Pemerintah Kabupaten Purwakarta menggelar malam takbiran bertajuk Festival Dulag, Selasa (4/6/2019). Momen ini diharapkan dapat menyatukan berbagai perbedaan untuk menyambut hari yang fitri dan penuh kemenangan.
Oleh
MELATI MEWANGI
·2 menit baca
PURWAKARTA, KOMPAS — Pemerintah Kabupaten Purwakarta menggelar malam takbiran bertajuk Festival Dulag, Selasa (4/6/2019). Momen ini diharapkan dapat menyatukan berbagai perbedaan untuk menyambut hari yang fitri dan penuh kemenangan.
Festival ini pertama kali digelar tahun 2009. Tahun ini, festival digelar di sepanjang 350 meter Jalan KK Singawinata, Purwakarta. Dulag atau beduk menjadi primadona yang digunakan dalam festival ini. Sejumlah elemen masyarakat dan dinas pemerintahan ikut berpartisipasi.
Perbedaan hiasan tak berarti ingin menonjolkan kelompok tertentu. Justru perbedaan itu melebur dalam satu tujuan, yaitu menyambut kemenangan.
”Malam ini menjadi momentum untuk mempersatukan berbagai elemen masyarakat pascapemilu. Tidak ada lagi demi kepentingan kelompok, tapi kita sama-sama meraih kemenangan,” kata Anne Ratna Mustika, Bupati Purwakarta.

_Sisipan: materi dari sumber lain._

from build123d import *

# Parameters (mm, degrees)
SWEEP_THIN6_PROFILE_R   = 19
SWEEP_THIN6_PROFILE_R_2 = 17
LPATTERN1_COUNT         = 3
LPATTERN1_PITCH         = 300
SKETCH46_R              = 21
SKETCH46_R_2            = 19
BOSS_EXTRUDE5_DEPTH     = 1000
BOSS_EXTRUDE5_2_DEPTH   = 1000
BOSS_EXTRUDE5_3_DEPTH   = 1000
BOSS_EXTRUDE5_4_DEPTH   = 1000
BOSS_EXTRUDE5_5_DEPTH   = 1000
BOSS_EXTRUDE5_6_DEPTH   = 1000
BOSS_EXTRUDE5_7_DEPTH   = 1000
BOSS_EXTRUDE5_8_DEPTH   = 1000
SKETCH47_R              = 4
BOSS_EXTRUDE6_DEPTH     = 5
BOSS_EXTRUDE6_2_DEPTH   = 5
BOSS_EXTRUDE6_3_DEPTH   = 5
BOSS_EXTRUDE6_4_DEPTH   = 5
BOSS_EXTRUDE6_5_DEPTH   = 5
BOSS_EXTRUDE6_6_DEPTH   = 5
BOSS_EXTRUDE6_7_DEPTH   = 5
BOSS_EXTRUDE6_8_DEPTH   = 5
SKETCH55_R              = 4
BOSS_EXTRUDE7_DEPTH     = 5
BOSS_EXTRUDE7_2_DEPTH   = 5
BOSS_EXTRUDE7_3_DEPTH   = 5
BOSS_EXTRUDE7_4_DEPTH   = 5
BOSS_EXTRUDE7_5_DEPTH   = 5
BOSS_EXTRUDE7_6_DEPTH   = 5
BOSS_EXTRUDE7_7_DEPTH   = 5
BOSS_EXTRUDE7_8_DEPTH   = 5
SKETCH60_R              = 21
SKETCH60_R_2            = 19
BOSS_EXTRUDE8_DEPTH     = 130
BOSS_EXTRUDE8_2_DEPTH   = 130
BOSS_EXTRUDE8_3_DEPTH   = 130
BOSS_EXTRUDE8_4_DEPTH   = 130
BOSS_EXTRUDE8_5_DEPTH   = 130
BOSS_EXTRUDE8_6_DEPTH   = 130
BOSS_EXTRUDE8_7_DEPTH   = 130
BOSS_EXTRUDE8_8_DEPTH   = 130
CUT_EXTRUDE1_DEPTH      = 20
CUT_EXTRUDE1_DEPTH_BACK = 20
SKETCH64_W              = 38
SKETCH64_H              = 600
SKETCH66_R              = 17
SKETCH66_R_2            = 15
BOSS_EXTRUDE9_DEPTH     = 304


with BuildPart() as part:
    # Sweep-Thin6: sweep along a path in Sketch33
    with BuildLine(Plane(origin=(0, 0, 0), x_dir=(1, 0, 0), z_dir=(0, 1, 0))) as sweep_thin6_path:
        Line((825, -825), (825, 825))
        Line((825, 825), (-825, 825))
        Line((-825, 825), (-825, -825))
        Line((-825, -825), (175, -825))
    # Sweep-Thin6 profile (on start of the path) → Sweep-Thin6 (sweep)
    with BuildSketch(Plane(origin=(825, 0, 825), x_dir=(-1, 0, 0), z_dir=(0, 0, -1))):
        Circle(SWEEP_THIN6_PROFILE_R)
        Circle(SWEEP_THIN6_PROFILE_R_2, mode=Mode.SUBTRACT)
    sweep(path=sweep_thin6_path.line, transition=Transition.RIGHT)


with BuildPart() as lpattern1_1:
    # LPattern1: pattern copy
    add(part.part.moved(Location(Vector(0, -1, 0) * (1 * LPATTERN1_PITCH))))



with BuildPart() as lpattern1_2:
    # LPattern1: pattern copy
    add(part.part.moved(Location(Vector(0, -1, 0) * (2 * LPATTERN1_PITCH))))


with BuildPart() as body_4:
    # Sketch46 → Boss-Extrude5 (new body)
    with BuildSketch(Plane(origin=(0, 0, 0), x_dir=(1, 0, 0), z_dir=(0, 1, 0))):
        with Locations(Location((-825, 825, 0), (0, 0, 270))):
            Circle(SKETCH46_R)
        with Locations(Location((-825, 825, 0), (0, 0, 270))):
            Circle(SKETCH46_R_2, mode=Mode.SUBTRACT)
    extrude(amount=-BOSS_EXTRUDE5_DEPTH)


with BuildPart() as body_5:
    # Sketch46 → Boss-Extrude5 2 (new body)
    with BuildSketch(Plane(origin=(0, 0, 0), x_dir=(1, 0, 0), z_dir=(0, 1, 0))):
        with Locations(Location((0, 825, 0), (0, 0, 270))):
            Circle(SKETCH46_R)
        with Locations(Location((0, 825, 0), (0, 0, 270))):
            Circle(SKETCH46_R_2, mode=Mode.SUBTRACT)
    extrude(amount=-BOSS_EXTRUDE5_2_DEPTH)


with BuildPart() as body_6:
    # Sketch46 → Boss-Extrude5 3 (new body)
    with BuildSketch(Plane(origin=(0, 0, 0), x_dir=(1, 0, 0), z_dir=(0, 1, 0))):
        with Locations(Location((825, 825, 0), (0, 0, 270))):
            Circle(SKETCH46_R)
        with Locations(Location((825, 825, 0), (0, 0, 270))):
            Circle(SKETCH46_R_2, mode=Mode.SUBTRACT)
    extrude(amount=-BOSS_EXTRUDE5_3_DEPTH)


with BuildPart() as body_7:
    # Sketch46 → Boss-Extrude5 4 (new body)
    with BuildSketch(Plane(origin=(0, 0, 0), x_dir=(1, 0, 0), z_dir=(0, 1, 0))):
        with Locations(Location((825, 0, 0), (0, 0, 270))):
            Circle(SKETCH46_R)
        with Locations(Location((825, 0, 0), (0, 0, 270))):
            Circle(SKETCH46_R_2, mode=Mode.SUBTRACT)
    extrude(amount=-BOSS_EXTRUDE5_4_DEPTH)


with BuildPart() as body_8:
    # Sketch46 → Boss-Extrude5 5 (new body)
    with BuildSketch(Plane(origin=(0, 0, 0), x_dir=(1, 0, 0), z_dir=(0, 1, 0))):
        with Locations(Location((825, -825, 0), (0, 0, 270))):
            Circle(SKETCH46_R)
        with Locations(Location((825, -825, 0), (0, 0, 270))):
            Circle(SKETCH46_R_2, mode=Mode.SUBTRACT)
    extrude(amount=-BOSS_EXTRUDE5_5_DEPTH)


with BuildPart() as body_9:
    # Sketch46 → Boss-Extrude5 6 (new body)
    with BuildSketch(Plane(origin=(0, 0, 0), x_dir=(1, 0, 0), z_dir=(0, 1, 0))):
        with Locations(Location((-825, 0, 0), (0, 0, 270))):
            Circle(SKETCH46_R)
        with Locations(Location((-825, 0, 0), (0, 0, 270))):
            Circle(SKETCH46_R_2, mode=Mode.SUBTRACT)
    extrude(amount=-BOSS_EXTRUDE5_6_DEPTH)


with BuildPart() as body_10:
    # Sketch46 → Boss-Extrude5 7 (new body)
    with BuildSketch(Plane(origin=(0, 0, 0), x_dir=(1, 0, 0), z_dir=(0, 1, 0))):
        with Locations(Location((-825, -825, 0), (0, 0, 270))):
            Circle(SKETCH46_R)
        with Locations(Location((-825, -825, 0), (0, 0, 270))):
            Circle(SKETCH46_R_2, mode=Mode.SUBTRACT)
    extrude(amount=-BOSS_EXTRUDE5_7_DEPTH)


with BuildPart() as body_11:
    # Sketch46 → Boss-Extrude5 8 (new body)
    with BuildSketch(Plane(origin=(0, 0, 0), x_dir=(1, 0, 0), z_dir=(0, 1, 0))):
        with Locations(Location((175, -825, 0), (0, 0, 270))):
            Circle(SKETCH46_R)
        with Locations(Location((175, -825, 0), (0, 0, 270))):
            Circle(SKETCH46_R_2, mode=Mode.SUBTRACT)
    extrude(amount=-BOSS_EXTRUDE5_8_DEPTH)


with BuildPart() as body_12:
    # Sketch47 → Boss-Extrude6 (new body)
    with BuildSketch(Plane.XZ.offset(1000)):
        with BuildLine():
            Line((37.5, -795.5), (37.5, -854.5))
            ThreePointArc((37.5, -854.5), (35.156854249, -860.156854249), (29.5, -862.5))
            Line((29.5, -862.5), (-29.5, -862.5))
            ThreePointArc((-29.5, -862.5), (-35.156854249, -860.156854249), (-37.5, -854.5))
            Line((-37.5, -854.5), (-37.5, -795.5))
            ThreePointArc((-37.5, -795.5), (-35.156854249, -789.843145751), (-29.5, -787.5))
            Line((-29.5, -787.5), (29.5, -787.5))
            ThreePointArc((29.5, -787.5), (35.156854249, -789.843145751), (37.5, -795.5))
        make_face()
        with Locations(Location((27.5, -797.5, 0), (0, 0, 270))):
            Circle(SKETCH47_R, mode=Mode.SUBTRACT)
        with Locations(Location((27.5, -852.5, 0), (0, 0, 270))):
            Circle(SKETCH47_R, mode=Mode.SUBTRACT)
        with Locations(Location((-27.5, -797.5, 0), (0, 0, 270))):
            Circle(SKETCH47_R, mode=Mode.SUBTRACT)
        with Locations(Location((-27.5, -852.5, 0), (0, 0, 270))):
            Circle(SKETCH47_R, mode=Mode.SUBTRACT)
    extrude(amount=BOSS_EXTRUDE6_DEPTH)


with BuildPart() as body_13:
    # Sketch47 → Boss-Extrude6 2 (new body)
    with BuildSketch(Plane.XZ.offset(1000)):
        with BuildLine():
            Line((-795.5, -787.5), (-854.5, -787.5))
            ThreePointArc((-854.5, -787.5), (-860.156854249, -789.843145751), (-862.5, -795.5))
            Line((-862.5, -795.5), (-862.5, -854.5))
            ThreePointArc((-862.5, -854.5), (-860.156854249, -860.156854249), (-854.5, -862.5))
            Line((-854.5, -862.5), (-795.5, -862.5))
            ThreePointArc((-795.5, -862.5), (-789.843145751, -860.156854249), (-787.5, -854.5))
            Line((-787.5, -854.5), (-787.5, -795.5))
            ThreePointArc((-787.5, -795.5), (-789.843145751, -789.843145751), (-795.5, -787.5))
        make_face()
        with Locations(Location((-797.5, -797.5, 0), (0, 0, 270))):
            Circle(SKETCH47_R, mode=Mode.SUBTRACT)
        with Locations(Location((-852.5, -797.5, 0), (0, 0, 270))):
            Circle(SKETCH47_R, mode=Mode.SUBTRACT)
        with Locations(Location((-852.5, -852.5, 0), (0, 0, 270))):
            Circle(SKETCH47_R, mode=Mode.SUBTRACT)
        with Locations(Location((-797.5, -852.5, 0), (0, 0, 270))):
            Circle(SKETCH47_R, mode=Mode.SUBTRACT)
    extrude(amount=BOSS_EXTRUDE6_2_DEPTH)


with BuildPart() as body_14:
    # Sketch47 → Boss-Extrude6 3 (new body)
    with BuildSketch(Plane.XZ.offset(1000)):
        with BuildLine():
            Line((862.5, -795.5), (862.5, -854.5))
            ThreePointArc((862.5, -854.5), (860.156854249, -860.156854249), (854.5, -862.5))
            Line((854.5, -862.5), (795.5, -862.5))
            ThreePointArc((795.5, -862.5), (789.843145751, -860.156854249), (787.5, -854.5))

Suasana malam itu ramai dengan tabuhan beduk yang dimainkan warga. Berbagai ornamen yang menghiasi beduk menjadi daya tarik tersendiri bagi pengunjung. Ada yang dihiasi dengan pohon pisang dan buahnya, lampu kerlap-kerlip, hingga anyaman janur.
Menurut Sekretaris Daerah Purwakarta Iyus Permana, tabuhan dulag atau beduk diharapkan dapat menggaungkan semangat kebajikan dan meningkatkan nilai keimanan.
Beduk, kata Iyus, merupakan simbol dan tradisi kebudayaan agama Islam di Indonesia yang harus dilestarikan. Adanya kegiatan ini diharapkan dapat merangsang dan memotivasi masyarakat untuk meneruskan nilai-nilai yang terkandung di dalamnya.
Kebersamaan
Mayoritas pengunjung larut dalam kebersamaan. Sebagian ada yang penasaran memainkan beduk secara langsung. Hendra (33), warga Kecamatan Nagri Kaler, misalnya, datang ke festival itu bersama istri dan anaknya. Dia begitu antusias mencoba berbagai beduk sampai keringat mengalir dari pelipisnya.
Bagi Hendra, acara tersebut menjadi ajang tersendiri dalam mengenalkan nilai budaya dan agama kepada anaknya. ”Anak saya sering melihat beduk di masjid, tapi di sini lebih berwarna. Semoga budaya ini tetap berlangsung sampai anak saya dewasa,” katanya.
Hal serupa dirasakan Tatang (40), warga Jakarta yang tengah mudik ke Purwakarta. Setiap tahun, dia bersama keluarganya selalu menyempatkan mampir ke festival itu. Kebersamaan antarwarga, lanjutnya, sangat terasa di sini, berbeda dengan yang dia rasakan di Jakarta.
”Di sini, kami bisa bertemu dan mengobrol dengan masyarakat lain, padahal kami tidak saling mengenal,” ujarnya.